So Let’s Begin With Some Introduction to the Finagle.

Finagle is an extensible Remote Procedure Call (RPC system) for the JVM, used to construct high-concurrency servers.

Twitter Finagle is a great framework to write distributed applications in Scala or Java. It is written in Scala, but provides both Scala and Java idiomatic APIs.
It implements uniform client and server APIs for several protocols, and is designed for high performance and concurrency.

 

Finagle uses a clean, simple, and safe concurrent programming model, based on Futures.
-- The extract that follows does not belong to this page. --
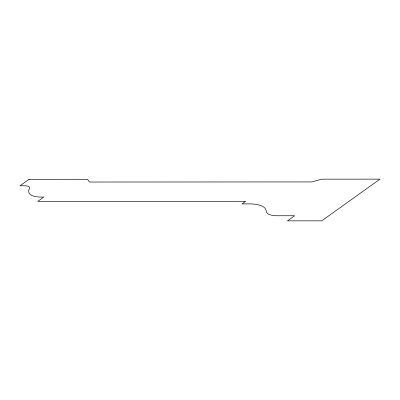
<?xml version="1.0" encoding="UTF-8"?>
<svg xmlns="http://www.w3.org/2000/svg" width="400" height="400" viewBox="0 0 400 400"><rect width="100%" height="100%" fill="white"/><g stroke="black" fill="none" stroke-linecap="round" stroke-linejoin="round"><path stroke-width="0.6" d="M29.085 179.3L20 185.805L24.565 185.8A12.86 4.125 -17.4 0 1 29.065 189.365A36.345 11.65 -17.4 0 0 43.795 197.055L37.735 201.395L245.645 201.295L242.01 203.9L250.375 203.895A48.48 15.545 -17.4 0 1 266.25 211.565A31.545 10.115 -17.4 0 0 277.76 215.76L294.605 215.755L287.465 220.86L321.72 220.845L380 179.14L321.515 179.165L311.905 181.925L89.495 182.03L87.575 179.275L29.085 179.3"/></g></svg>

This leads to safe and modular programs that are also simple to reason about.

Finagle provides a robust implementation of:

  • connection pools, with throttling to avoid TCP connection churn;
  • failure detectors, to identify slow or crashed hosts;
  • failover strategies, to direct traffic away from unhealthy hosts;
  • load-balancers, including “least-connections” and other strategies; and
  • back-pressure techniques, to defend servers against abusive clients and dogpiling.

Finagle At Twitter

Today, Finagle is deployed in production at Twitter in several front- and back-end serving systems, including our URL crawler and HTTP Proxy.

 

finagle

Finagle Futures

Finagle uses futures to encapsulate and compose concurrent operations such as network RPCs. Futures are directly analogous to threads — they provide independent and overlapping threads of control — and can be thought of as featherweight threads. They are cheap in construction, so the economies of traditional threads do not apply. It is no problem to maintain millions of outstanding concurrent operations when they are represented by futures.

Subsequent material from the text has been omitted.